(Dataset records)
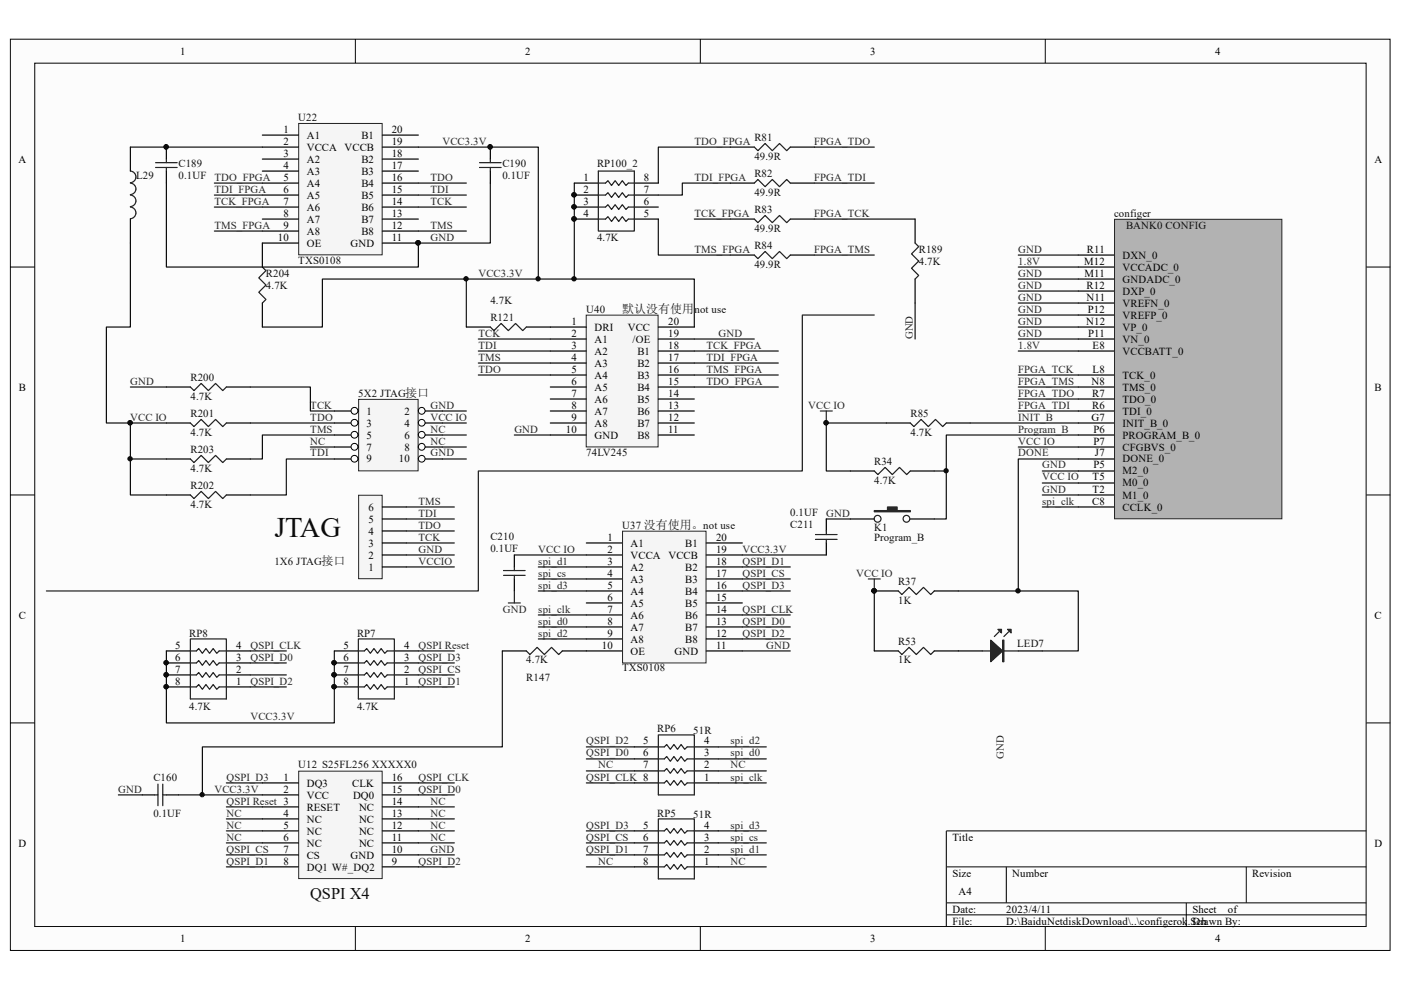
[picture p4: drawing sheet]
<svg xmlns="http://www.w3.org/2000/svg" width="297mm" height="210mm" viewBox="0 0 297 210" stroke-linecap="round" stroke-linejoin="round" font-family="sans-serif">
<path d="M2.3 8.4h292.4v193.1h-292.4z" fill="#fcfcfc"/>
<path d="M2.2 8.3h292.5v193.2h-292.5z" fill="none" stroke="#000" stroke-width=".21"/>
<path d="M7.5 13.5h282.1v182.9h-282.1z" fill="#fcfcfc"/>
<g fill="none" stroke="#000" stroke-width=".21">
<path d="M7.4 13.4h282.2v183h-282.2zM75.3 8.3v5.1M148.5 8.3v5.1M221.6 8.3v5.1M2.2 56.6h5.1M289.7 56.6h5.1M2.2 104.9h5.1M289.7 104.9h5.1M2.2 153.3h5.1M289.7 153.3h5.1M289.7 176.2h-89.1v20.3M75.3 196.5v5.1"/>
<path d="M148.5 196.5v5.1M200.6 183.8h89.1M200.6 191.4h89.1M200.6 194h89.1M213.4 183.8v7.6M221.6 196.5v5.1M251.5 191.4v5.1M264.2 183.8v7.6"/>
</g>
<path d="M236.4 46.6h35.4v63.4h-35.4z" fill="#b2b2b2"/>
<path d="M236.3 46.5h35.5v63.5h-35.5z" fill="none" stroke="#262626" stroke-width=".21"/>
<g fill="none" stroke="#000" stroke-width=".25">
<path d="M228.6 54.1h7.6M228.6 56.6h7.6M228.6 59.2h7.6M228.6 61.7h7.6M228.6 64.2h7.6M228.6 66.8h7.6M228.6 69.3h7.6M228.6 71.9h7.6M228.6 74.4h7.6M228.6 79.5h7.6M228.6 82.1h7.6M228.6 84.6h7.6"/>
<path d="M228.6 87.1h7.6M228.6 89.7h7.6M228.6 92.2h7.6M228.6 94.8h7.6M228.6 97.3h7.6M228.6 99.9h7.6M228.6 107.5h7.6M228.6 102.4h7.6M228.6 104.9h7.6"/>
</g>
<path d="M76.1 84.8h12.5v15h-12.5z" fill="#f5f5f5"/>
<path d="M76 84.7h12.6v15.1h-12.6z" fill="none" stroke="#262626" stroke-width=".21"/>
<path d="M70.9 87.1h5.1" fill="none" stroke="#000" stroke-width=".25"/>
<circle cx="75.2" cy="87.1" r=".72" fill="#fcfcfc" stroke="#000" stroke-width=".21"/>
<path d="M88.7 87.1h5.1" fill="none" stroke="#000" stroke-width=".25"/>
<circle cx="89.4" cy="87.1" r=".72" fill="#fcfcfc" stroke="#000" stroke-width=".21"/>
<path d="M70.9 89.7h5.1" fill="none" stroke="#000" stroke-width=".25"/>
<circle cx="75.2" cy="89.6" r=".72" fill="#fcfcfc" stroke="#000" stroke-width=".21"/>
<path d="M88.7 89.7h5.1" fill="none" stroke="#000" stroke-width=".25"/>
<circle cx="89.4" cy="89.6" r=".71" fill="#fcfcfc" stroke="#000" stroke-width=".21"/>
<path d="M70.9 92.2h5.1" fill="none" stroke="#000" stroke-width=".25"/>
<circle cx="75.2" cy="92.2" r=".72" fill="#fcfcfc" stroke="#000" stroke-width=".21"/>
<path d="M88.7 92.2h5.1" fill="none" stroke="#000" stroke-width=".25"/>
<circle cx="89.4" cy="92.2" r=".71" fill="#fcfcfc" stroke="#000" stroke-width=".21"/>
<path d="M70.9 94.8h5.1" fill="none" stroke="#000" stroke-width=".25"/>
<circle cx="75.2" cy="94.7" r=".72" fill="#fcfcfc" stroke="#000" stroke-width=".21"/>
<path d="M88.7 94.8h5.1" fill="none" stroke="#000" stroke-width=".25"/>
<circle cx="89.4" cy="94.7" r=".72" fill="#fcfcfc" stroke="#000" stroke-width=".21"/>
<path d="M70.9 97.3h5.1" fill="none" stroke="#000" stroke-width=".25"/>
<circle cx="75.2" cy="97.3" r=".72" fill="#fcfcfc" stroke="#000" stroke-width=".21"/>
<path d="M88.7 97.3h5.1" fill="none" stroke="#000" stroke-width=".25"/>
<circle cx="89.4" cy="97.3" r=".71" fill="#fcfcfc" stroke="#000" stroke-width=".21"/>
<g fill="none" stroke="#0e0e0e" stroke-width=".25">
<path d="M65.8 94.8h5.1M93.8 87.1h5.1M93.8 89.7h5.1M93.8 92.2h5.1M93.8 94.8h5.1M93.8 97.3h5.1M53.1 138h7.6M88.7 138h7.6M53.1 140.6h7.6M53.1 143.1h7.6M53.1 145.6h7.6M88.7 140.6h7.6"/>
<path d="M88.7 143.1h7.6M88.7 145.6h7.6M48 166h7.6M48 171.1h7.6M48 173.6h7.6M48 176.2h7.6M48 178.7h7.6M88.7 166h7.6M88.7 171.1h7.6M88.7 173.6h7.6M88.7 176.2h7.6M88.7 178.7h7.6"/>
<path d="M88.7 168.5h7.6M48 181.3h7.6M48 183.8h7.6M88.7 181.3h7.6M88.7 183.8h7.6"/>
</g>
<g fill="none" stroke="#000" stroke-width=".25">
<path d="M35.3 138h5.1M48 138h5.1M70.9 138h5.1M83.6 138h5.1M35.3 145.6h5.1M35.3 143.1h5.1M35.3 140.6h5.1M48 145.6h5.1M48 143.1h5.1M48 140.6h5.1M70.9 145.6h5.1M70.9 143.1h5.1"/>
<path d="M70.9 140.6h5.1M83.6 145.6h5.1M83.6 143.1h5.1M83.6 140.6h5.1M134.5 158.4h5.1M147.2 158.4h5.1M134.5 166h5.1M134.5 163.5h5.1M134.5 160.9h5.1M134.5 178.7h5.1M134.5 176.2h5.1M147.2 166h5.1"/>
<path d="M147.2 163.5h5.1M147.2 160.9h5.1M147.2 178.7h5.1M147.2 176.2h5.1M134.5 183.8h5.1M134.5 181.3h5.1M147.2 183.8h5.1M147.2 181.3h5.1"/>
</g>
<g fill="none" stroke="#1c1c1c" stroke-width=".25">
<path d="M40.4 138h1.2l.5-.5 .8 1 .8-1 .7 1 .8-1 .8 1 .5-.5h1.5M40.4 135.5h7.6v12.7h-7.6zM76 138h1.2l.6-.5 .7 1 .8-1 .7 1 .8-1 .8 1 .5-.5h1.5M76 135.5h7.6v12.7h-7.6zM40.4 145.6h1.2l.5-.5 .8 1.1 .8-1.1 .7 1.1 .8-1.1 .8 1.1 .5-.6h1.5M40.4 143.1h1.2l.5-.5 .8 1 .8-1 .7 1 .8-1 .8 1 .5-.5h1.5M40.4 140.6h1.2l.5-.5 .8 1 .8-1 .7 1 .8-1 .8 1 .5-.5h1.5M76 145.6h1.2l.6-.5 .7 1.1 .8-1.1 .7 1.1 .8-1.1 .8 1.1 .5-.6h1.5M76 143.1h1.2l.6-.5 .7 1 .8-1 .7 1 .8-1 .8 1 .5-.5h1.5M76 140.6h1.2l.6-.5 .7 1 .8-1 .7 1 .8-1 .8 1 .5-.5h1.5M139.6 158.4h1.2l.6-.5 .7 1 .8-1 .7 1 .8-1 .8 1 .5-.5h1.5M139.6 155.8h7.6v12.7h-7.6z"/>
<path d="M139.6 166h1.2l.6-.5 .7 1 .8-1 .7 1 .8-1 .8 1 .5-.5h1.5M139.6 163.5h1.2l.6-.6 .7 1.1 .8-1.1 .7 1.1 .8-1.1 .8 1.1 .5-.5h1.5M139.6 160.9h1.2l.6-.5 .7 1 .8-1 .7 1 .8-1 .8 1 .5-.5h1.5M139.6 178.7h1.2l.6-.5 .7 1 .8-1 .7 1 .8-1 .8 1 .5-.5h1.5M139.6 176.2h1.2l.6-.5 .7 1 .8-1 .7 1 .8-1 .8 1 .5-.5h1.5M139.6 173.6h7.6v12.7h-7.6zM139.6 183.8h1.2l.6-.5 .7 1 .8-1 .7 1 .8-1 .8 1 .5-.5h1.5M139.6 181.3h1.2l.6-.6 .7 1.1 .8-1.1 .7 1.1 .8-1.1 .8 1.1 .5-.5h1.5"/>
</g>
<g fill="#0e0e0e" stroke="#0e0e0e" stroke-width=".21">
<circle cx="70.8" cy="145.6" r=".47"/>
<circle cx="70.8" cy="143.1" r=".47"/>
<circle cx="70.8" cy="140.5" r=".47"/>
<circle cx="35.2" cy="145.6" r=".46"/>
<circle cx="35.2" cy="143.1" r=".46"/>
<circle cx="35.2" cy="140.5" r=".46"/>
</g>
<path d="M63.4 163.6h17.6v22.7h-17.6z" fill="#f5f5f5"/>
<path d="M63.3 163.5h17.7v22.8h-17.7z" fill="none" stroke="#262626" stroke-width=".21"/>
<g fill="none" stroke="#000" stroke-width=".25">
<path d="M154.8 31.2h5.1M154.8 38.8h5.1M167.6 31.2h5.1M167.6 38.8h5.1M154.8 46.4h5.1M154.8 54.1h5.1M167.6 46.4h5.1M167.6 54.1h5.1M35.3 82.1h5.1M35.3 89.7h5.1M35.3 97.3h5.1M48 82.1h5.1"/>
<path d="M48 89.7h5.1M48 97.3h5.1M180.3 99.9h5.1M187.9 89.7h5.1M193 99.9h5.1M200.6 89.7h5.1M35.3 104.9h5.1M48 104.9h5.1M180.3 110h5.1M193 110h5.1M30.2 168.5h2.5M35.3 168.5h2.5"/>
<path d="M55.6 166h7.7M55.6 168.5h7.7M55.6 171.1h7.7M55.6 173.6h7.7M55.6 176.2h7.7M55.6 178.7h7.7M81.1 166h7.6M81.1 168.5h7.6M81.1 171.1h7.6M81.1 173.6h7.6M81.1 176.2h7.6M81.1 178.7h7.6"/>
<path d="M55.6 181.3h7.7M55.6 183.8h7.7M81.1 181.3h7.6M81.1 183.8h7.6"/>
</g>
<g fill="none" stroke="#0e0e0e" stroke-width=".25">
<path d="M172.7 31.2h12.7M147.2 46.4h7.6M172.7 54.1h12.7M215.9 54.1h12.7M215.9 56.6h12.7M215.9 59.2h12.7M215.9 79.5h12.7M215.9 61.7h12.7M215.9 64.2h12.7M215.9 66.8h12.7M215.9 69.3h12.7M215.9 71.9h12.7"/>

- **What is expected**: Where does "fcfcfc" appear in the records above? Copy every line that has it.

- **Solution to this exercise**:
<path d="M2.3 8.4h292.4v193.1h-292.4z" fill="#fcfcfc"/>
<path d="M7.5 13.5h282.1v182.9h-282.1z" fill="#fcfcfc"/>
<circle cx="75.2" cy="87.1" r=".72" fill="#fcfcfc" stroke="#000" stroke-width=".21"/>
<circle cx="89.4" cy="87.1" r=".72" fill="#fcfcfc" stroke="#000" stroke-width=".21"/>
<circle cx="75.2" cy="89.6" r=".72" fill="#fcfcfc" stroke="#000" stroke-width=".21"/>
<circle cx="89.4" cy="89.6" r=".71" fill="#fcfcfc" stroke="#000" stroke-width=".21"/>
<circle cx="75.2" cy="92.2" r=".72" fill="#fcfcfc" stroke="#000" stroke-width=".21"/>
<circle cx="89.4" cy="92.2" r=".71" fill="#fcfcfc" stroke="#000" stroke-width=".21"/>
<circle cx="75.2" cy="94.7" r=".72" fill="#fcfcfc" stroke="#000" stroke-width=".21"/>
<circle cx="89.4" cy="94.7" r=".72" fill="#fcfcfc" stroke="#000" stroke-width=".21"/>
<circle cx="75.2" cy="97.3" r=".72" fill="#fcfcfc" stroke="#000" stroke-width=".21"/>
<circle cx="89.4" cy="97.3" r=".71" fill="#fcfcfc" stroke="#000" stroke-width=".21"/>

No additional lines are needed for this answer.